Task brief
Copy from the first line below down to and including the line with "#37=DIRECTION('',(0.,0.,1.));". Skip the pictures.

*** Data for processing ***

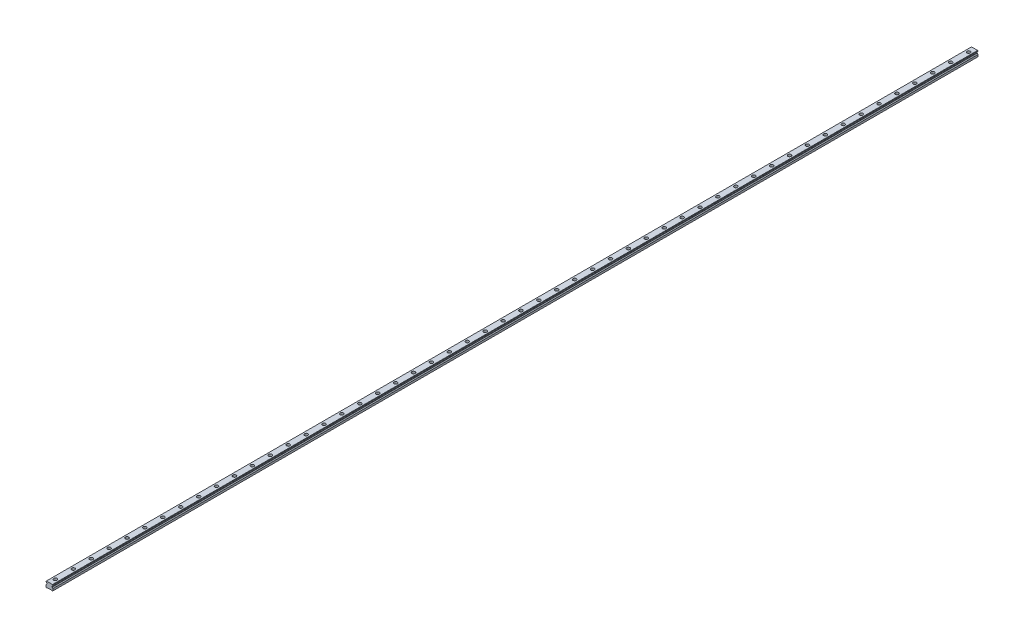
ISO-10303-21;
HEADER;
FILE_DESCRIPTION(('STEP AP214'),'2;1');
FILE_NAME('part.step','',(''),(''),'','','');
FILE_SCHEMA(('AUTOMOTIVE_DESIGN { 1 0 10303 214 1 1 1 1 }'));
ENDSEC;
DATA;
#1=APPLICATION_CONTEXT('core data for automotive mechanical design processes');
#2=APPLICATION_PROTOCOL_DEFINITION('international standard','automotive_design',2000,#1);
#3=PRODUCT_CONTEXT('',#1,'mechanical');
#4=PRODUCT('Part','Part','',(#3));
#5=PRODUCT_RELATED_PRODUCT_CATEGORY('part','',(#4));
#6=PRODUCT_DEFINITION_FORMATION('','',#4);
#7=PRODUCT_DEFINITION_CONTEXT('part definition',#1,'design');
#8=PRODUCT_DEFINITION('design','',#6,#7);
#9=PRODUCT_DEFINITION_SHAPE('','',#8);
#10=(LENGTH_UNIT() NAMED_UNIT(*) SI_UNIT(.MILLI.,.METRE.));
#11=(NAMED_UNIT(*) PLANE_ANGLE_UNIT() SI_UNIT($,.RADIAN.));
#12=(NAMED_UNIT(*) SI_UNIT($,.STERADIAN.) SOLID_ANGLE_UNIT());
#13=UNCERTAINTY_MEASURE_WITH_UNIT(LENGTH_MEASURE(1.E-05),#10,'distance_accuracy_value','');
#14=(GEOMETRIC_REPRESENTATION_CONTEXT(3) GLOBAL_UNCERTAINTY_ASSIGNED_CONTEXT((#13)) GLOBAL_UNIT_ASSIGNED_CONTEXT((#10,
#11,#12)) REPRESENTATION_CONTEXT('',''));
#15=CARTESIAN_POINT('',(0.,0.,0.));
#16=DIRECTION('',(0.,0.,1.));
#17=DIRECTION('',(1.,0.,0.));
#18=AXIS2_PLACEMENT_3D('',#15,#16,#17);
#19=CARTESIAN_POINT('',(0.,10.2,-1530.));
#20=DIRECTION('',(0.,1.,0.));
#21=DIRECTION('',(0.,0.,1.));
#22=AXIS2_PLACEMENT_3D('',#19,#20,#21);
#23=PLANE('',#22);
#24=CARTESIAN_POINT('',(0.,10.2,-1530.));
#25=DIRECTION('',(0.,1.,0.));
#26=DIRECTION('',(0.,0.,1.));
#27=AXIS2_PLACEMENT_3D('',#24,#25,#26);
#28=CIRCLE('',#27,3.49999999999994);
#29=CARTESIAN_POINT('',(0.,10.2,-1526.5));
#30=VERTEX_POINT('',#29);
#31=EDGE_CURVE('E758',#30,#30,#28,.T.);
#32=ORIENTED_EDGE('',*,*,#31,.F.);
#33=EDGE_LOOP('',(#32));
#34=FACE_BOUND('',#33,.T.);
#35=CARTESIAN_POINT('',(0.,10.2,-1530.));
#36=DIRECTION('',(0.,1.,0.));
#37=DIRECTION('',(0.,0.,1.));
#38=AXIS2_PLACEMENT_3D('',#35,#36,#37);
#39=CIRCLE('',#38,5.49999999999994);
#40=CARTESIAN_POINT('',(0.,10.2,-1524.5));
#41=VERTEX_POINT('',#40);
#42=EDGE_CURVE('E11',#41,#41,#39,.T.);
#43=ORIENTED_EDGE('',*,*,#42,.T.);
#44=EDGE_LOOP('',(#43));
#45=FACE_BOUND('',#44,.T.);
#46=ADVANCED_FACE('F39',(#34,#45),#23,.T.);
#47=CARTESIAN_POINT('',(0.,10.2,-1530.));
#48=DIRECTION('',(0.,1.,0.));
#49=DIRECTION('',(0.,0.,1.));
#50=AXIS2_PLACEMENT_3D('',#47,#48,#49);
#51=CYLINDRICAL_SURFACE('',#50,5.49999999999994);
#52=ORIENTED_EDGE('',*,*,#42,.F.);
#53=EDGE_LOOP('',(#52));
#54=FACE_BOUND('',#53,.T.);
#55=CARTESIAN_POINT('',(0.,19.2,-1530.));
#56=DIRECTION('',(0.,1.,0.));
#57=DIRECTION('',(0.,0.,1.));
#58=AXIS2_PLACEMENT_3D('',#55,#56,#57);
#59=CIRCLE('',#58,5.49999999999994);
#60=CARTESIAN_POINT('',(0.,19.2,-1524.5));
#61=VERTEX_POINT('',#60);
#62=EDGE_CURVE('E48',#61,#61,#59,.T.);
#63=ORIENTED_EDGE('',*,*,#62,.T.);
#64=EDGE_LOOP('',(#63));
#65=FACE_BOUND('',#64,.T.);
#66=ADVANCED_FACE('F1328',(#54,#65),#51,.F.);
#67=CARTESIAN_POINT('',(0.,10.2,-1470.));
#68=DIRECTION('',(0.,1.,0.));
#69=DIRECTION('',(0.,0.,1.));
#70=AXIS2_PLACEMENT_3D('',#67,#68,#69);
#71=PLANE('',#70);
#72=CARTESIAN_POINT('',(0.,10.2,-1470.));
#73=DIRECTION('',(0.,1.,0.));
#74=DIRECTION('',(0.,0.,1.));
#75=AXIS2_PLACEMENT_3D('',#72,#73,#74);
#76=CIRCLE('',#75,3.49999999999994);
#77=CARTESIAN_POINT('',(0.,10.2,-1466.5));
#78=VERTEX_POINT('',#77);
#79=EDGE_CURVE('E763',#78,#78,#76,.T.);
#80=ORIENTED_EDGE('',*,*,#79,.F.);
#81=EDGE_LOOP('',(#80));
#82=FACE_BOUND('',#81,.T.);
#83=CARTESIAN_POINT('',(0.,10.2,-1470.));
#84=DIRECTION('',(0.,1.,0.));
#85=DIRECTION('',(0.,0.,1.));
#86=AXIS2_PLACEMENT_3D('',#83,#84,#85);
#87=CIRCLE('',#86,5.49999999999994);
#88=CARTESIAN_POINT('',(0.,10.2,-1464.5));
#89=VERTEX_POINT('',#88);
#90=EDGE_CURVE('E742',#89,#89,#87,.T.);
#91=ORIENTED_EDGE('',*,*,#90,.T.);
#92=EDGE_LOOP('',(#91));
#93=FACE_BOUND('',#92,.T.);
#94=ADVANCED_FACE('F1330',(#82,#93),#71,.T.);
#95=CARTESIAN_POINT('',(0.,10.2,-1470.));
#96=DIRECTION('',(0.,1.,0.));
#97=DIRECTION('',(0.,0.,1.));
#98=AXIS2_PLACEMENT_3D('',#95,#96,#97);
#99=CYLINDRICAL_SURFACE('',#98,5.49999999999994);
#100=ORIENTED_EDGE('',*,*,#90,.F.);
#101=EDGE_LOOP('',(#100));
#102=FACE_BOUND('',#101,.T.);
#103=CARTESIAN_POINT('',(0.,19.2,-1470.));
#104=DIRECTION('',(0.,1.,0.));
#105=DIRECTION('',(0.,0.,1.));
#106=AXIS2_PLACEMENT_3D('',#103,#104,#105);
#107=CIRCLE('',#106,5.49999999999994);
#108=CARTESIAN_POINT('',(0.,19.2,-1464.5));
#109=VERTEX_POINT('',#108);
#110=EDGE_CURVE('E738',#109,#109,#107,.T.);
#111=ORIENTED_EDGE('',*,*,#110,.T.);
#112=EDGE_LOOP('',(#111));
#113=FACE_BOUND('',#112,.T.);
#114=ADVANCED_FACE('F1336',(#102,#113),#99,.F.);
#115=CARTESIAN_POINT('',(0.,10.2,-1410.));
#116=DIRECTION('',(0.,1.,0.));
#117=DIRECTION('',(0.,0.,1.));
#118=AXIS2_PLACEMENT_3D('',#115,#116,#117);
#119=PLANE('',#118);
#120=CARTESIAN_POINT('',(0.,10.2,-1410.));
#121=DIRECTION('',(0.,1.,0.));
#122=DIRECTION('',(0.,0.,1.));
#123=AXIS2_PLACEMENT_3D('',#120,#121,#122);
#124=CIRCLE('',#123,3.49999999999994);
#125=CARTESIAN_POINT('',(0.,10.2,-1406.5));
#126=VERTEX_POINT('',#125);
#127=EDGE_CURVE('E768',#126,#126,#124,.T.);
#128=ORIENTED_EDGE('',*,*,#127,.F.);
#129=EDGE_LOOP('',(#128));
#130=FACE_BOUND('',#129,.T.);
#131=CARTESIAN_POINT('',(0.,10.2,-1410.));
#132=DIRECTION('',(0.,1.,0.));
#133=DIRECTION('',(0.,0.,1.));
#134=AXIS2_PLACEMENT_3D('',#131,#132,#133);
#135=CIRCLE('',#134,5.49999999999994);
#136=CARTESIAN_POINT('',(0.,10.2,-1404.5));
#137=VERTEX_POINT('',#136);
#138=EDGE_CURVE('E734',#137,#137,#135,.T.);
#139=ORIENTED_EDGE('',*,*,#138,.T.);
#140=EDGE_LOOP('',(#139));
#141=FACE_BOUND('',#140,.T.);
#142=ADVANCED_FACE('F1344',(#130,#141),#119,.T.);
#143=CARTESIAN_POINT('',(0.,10.2,-1410.));
#144=DIRECTION('',(0.,1.,0.));
#145=DIRECTION('',(0.,0.,1.));
#146=AXIS2_PLACEMENT_3D('',#143,#144,#145);
#147=CYLINDRICAL_SURFACE('',#146,5.49999999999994);
#148=ORIENTED_EDGE('',*,*,#138,.F.);
#149=EDGE_LOOP('',(#148));
#150=FACE_BOUND('',#149,.T.);
#151=CARTESIAN_POINT('',(0.,19.2,-1410.));
#152=DIRECTION('',(0.,1.,0.));
#153=DIRECTION('',(0.,0.,1.));
#154=AXIS2_PLACEMENT_3D('',#151,#152,#153);
#155=CIRCLE('',#154,5.49999999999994);
#156=CARTESIAN_POINT('',(0.,19.2,-1404.5));
#157=VERTEX_POINT('',#156);
#158=EDGE_CURVE('E730',#157,#157,#155,.T.);
#159=ORIENTED_EDGE('',*,*,#158,.T.);
#160=EDGE_LOOP('',(#159));
#161=FACE_BOUND('',#160,.T.);
#162=ADVANCED_FACE('F1348',(#150,#161),#147,.F.);
#163=CARTESIAN_POINT('',(0.,10.2,-1350.));
#164=DIRECTION('',(0.,1.,0.));
#165=DIRECTION('',(0.,0.,1.));
#166=AXIS2_PLACEMENT_3D('',#163,#164,#165);
#167=PLANE('',#166);
#168=CARTESIAN_POINT('',(0.,10.2,-1350.));
#169=DIRECTION('',(0.,1.,0.));
#170=DIRECTION('',(0.,0.,1.));
#171=AXIS2_PLACEMENT_3D('',#168,#169,#170);
#172=CIRCLE('',#171,3.49999999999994);
#173=CARTESIAN_POINT('',(0.,10.2,-1346.5));
#174=VERTEX_POINT('',#173);
#175=EDGE_CURVE('E773',#174,#174,#172,.T.);
#176=ORIENTED_EDGE('',*,*,#175,.F.);
#177=EDGE_LOOP('',(#176));
#178=FACE_BOUND('',#177,.T.);
#179=CARTESIAN_POINT('',(0.,10.2,-1350.));
#180=DIRECTION('',(0.,1.,0.));
#181=DIRECTION('',(0.,0.,1.));
#182=AXIS2_PLACEMENT_3D('',#179,#180,#181);
#183=CIRCLE('',#182,5.49999999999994);
#184=CARTESIAN_POINT('',(0.,10.2,-1344.5));
#185=VERTEX_POINT('',#184);
#186=EDGE_CURVE('E726',#185,#185,#183,.T.);
#187=ORIENTED_EDGE('',*,*,#186,.T.);
#188=EDGE_LOOP('',(#187));
#189=FACE_BOUND('',#188,.T.);
#190=ADVANCED_FACE('F1352',(#178,#189),#167,.T.);
#191=CARTESIAN_POINT('',(0.,10.2,-1350.));
#192=DIRECTION('',(0.,1.,0.));
#193=DIRECTION('',(0.,0.,1.));
#194=AXIS2_PLACEMENT_3D('',#191,#192,#193);
#195=CYLINDRICAL_SURFACE('',#194,5.49999999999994);
#196=ORIENTED_EDGE('',*,*,#186,.F.);
#197=EDGE_LOOP('',(#196));
#198=FACE_BOUND('',#197,.T.);
#199=CARTESIAN_POINT('',(0.,19.2,-1350.));
#200=DIRECTION('',(0.,1.,0.));
#201=DIRECTION('',(0.,0.,1.));
#202=AXIS2_PLACEMENT_3D('',#199,#200,#201);
#203=CIRCLE('',#202,5.49999999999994);
#204=CARTESIAN_POINT('',(0.,19.2,-1344.5));
#205=VERTEX_POINT('',#204);
#206=EDGE_CURVE('E722',#205,#205,#203,.T.);
#207=ORIENTED_EDGE('',*,*,#206,.T.);
#208=EDGE_LOOP('',(#207));
#209=FACE_BOUND('',#208,.T.);
#210=ADVANCED_FACE('F1356',(#198,#209),#195,.F.);
#211=CARTESIAN_POINT('',(0.,10.2,-1290.));
#212=DIRECTION('',(0.,1.,0.));
#213=DIRECTION('',(0.,0.,1.));
#214=AXIS2_PLACEMENT_3D('',#211,#212,#213);
#215=PLANE('',#214);
#216=CARTESIAN_POINT('',(0.,10.2,-1290.));
#217=DIRECTION('',(0.,1.,0.));
#218=DIRECTION('',(0.,0.,1.));
#219=AXIS2_PLACEMENT_3D('',#216,#217,#218);
#220=CIRCLE('',#219,3.49999999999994);
#221=CARTESIAN_POINT('',(0.,10.2,-1286.5));
#222=VERTEX_POINT('',#221);
#223=EDGE_CURVE('E778',#222,#222,#220,.T.);
#224=ORIENTED_EDGE('',*,*,#223,.F.);
#225=EDGE_LOOP('',(#224));
#226=FACE_BOUND('',#225,.T.);
#227=CARTESIAN_POINT('',(0.,10.2,-1290.));
#228=DIRECTION('',(0.,1.,0.));
#229=DIRECTION('',(0.,0.,1.));
#230=AXIS2_PLACEMENT_3D('',#227,#228,#229);
#231=CIRCLE('',#230,5.49999999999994);
#232=CARTESIAN_POINT('',(0.,10.2,-1284.5));
#233=VERTEX_POINT('',#232);
#234=EDGE_CURVE('E718',#233,#233,#231,.T.);
#235=ORIENTED_EDGE('',*,*,#234,.T.);
#236=EDGE_LOOP('',(#235));
#237=FACE_BOUND('',#236,.T.);
#238=ADVANCED_FACE('F1360',(#226,#237),#215,.T.);
#239=CARTESIAN_POINT('',(0.,10.2,-1290.));
#240=DIRECTION('',(0.,1.,0.));
#241=DIRECTION('',(0.,0.,1.));
#242=AXIS2_PLACEMENT_3D('',#239,#240,#241);
#243=CYLINDRICAL_SURFACE('',#242,5.49999999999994);
#244=ORIENTED_EDGE('',*,*,#234,.F.);
#245=EDGE_LOOP('',(#244));
#246=FACE_BOUND('',#245,.T.);
#247=CARTESIAN_POINT('',(0.,19.2,-1290.));
#248=DIRECTION('',(0.,1.,0.));
#249=DIRECTION('',(0.,0.,1.));
#250=AXIS2_PLACEMENT_3D('',#247,#248,#249);
#251=CIRCLE('',#250,5.49999999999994);
#252=CARTESIAN_POINT('',(0.,19.2,-1284.5));
#253=VERTEX_POINT('',#252);
#254=EDGE_CURVE('E714',#253,#253,#251,.T.);
#255=ORIENTED_EDGE('',*,*,#254,.T.);
#256=EDGE_LOOP('',(#255));
#257=FACE_BOUND('',#256,.T.);
#258=ADVANCED_FACE('F1364',(#246,#257),#243,.F.);
#259=CARTESIAN_POINT('',(0.,10.2,-1230.));
#260=DIRECTION('',(0.,1.,0.));
#261=DIRECTION('',(0.,0.,1.));
#262=AXIS2_PLACEMENT_3D('',#259,#260,#261);
#263=PLANE('',#262);
#264=CARTESIAN_POINT('',(0.,10.2,-1230.));
#265=DIRECTION('',(0.,1.,0.));
#266=DIRECTION('',(0.,0.,1.));
#267=AXIS2_PLACEMENT_3D('',#264,#265,#266);
#268=CIRCLE('',#267,3.49999999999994);
#269=CARTESIAN_POINT('',(0.,10.2,-1226.5));
#270=VERTEX_POINT('',#269);
#271=EDGE_CURVE('E783',#270,#270,#268,.T.);
#272=ORIENTED_EDGE('',*,*,#271,.F.);
#273=EDGE_LOOP('',(#272));
#274=FACE_BOUND('',#273,.T.);
#275=CARTESIAN_POINT('',(0.,10.2,-1230.));
#276=DIRECTION('',(0.,1.,0.));
#277=DIRECTION('',(0.,0.,1.));
#278=AXIS2_PLACEMENT_3D('',#275,#276,#277);
#279=CIRCLE('',#278,5.49999999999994);
#280=CARTESIAN_POINT('',(0.,10.2,-1224.5));
#281=VERTEX_POINT('',#280);
#282=EDGE_CURVE('E710',#281,#281,#279,.T.);
#283=ORIENTED_EDGE('',*,*,#282,.T.);
#284=EDGE_LOOP('',(#283));
#285=FACE_BOUND('',#284,.T.);
#286=ADVANCED_FACE('F1368',(#274,#285),#263,.T.);
#287=CARTESIAN_POINT('',(0.,10.2,-1230.));
#288=DIRECTION('',(0.,1.,0.));
#289=DIRECTION('',(0.,0.,1.));
#290=AXIS2_PLACEMENT_3D('',#287,#288,#289);
#291=CYLINDRICAL_SURFACE('',#290,5.49999999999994);
#292=ORIENTED_EDGE('',*,*,#282,.F.);
#293=EDGE_LOOP('',(#292));
#294=FACE_BOUND('',#293,.T.);
#295=CARTESIAN_POINT('',(0.,19.2,-1230.));
#296=DIRECTION('',(0.,1.,0.));
#297=DIRECTION('',(0.,0.,1.));
#298=AXIS2_PLACEMENT_3D('',#295,#296,#297);
#299=CIRCLE('',#298,5.49999999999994);
#300=CARTESIAN_POINT('',(0.,19.2,-1224.5));
#301=VERTEX_POINT('',#300);
#302=EDGE_CURVE('E706',#301,#301,#299,.T.);
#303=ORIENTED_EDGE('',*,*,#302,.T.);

***

Task answer
ISO-10303-21;
HEADER;
FILE_DESCRIPTION(('STEP AP214'),'2;1');
FILE_NAME('part.step','',(''),(''),'','','');
FILE_SCHEMA(('AUTOMOTIVE_DESIGN { 1 0 10303 214 1 1 1 1 }'));
ENDSEC;
DATA;
#1=APPLICATION_CONTEXT('core data for automotive mechanical design processes');
#2=APPLICATION_PROTOCOL_DEFINITION('international standard','automotive_design',2000,#1);
#3=PRODUCT_CONTEXT('',#1,'mechanical');
#4=PRODUCT('Part','Part','',(#3));
#5=PRODUCT_RELATED_PRODUCT_CATEGORY('part','',(#4));
#6=PRODUCT_DEFINITION_FORMATION('','',#4);
#7=PRODUCT_DEFINITION_CONTEXT('part definition',#1,'design');
#8=PRODUCT_DEFINITION('design','',#6,#7);
#9=PRODUCT_DEFINITION_SHAPE('','',#8);
#10=(LENGTH_UNIT() NAMED_UNIT(*) SI_UNIT(.MILLI.,.METRE.));
#11=(NAMED_UNIT(*) PLANE_ANGLE_UNIT() SI_UNIT($,.RADIAN.));
#12=(NAMED_UNIT(*) SI_UNIT($,.STERADIAN.) SOLID_ANGLE_UNIT());
#13=UNCERTAINTY_MEASURE_WITH_UNIT(LENGTH_MEASURE(1.E-05),#10,'distance_accuracy_value','');
#14=(GEOMETRIC_REPRESENTATION_CONTEXT(3) GLOBAL_UNCERTAINTY_ASSIGNED_CONTEXT((#13)) GLOBAL_UNIT_ASSIGNED_CONTEXT((#10,
#11,#12)) REPRESENTATION_CONTEXT('',''));
#15=CARTESIAN_POINT('',(0.,0.,0.));
#16=DIRECTION('',(0.,0.,1.));
#17=DIRECTION('',(1.,0.,0.));
#18=AXIS2_PLACEMENT_3D('',#15,#16,#17);
#19=CARTESIAN_POINT('',(0.,10.2,-1530.));
#20=DIRECTION('',(0.,1.,0.));
#21=DIRECTION('',(0.,0.,1.));
#22=AXIS2_PLACEMENT_3D('',#19,#20,#21);
#23=PLANE('',#22);
#24=CARTESIAN_POINT('',(0.,10.2,-1530.));
#25=DIRECTION('',(0.,1.,0.));
#26=DIRECTION('',(0.,0.,1.));
#27=AXIS2_PLACEMENT_3D('',#24,#25,#26);
#28=CIRCLE('',#27,3.49999999999994);
#29=CARTESIAN_POINT('',(0.,10.2,-1526.5));
#30=VERTEX_POINT('',#29);
#31=EDGE_CURVE('E758',#30,#30,#28,.T.);
#32=ORIENTED_EDGE('',*,*,#31,.F.);
#33=EDGE_LOOP('',(#32));
#34=FACE_BOUND('',#33,.T.);
#35=CARTESIAN_POINT('',(0.,10.2,-1530.));
#36=DIRECTION('',(0.,1.,0.));
#37=DIRECTION('',(0.,0.,1.));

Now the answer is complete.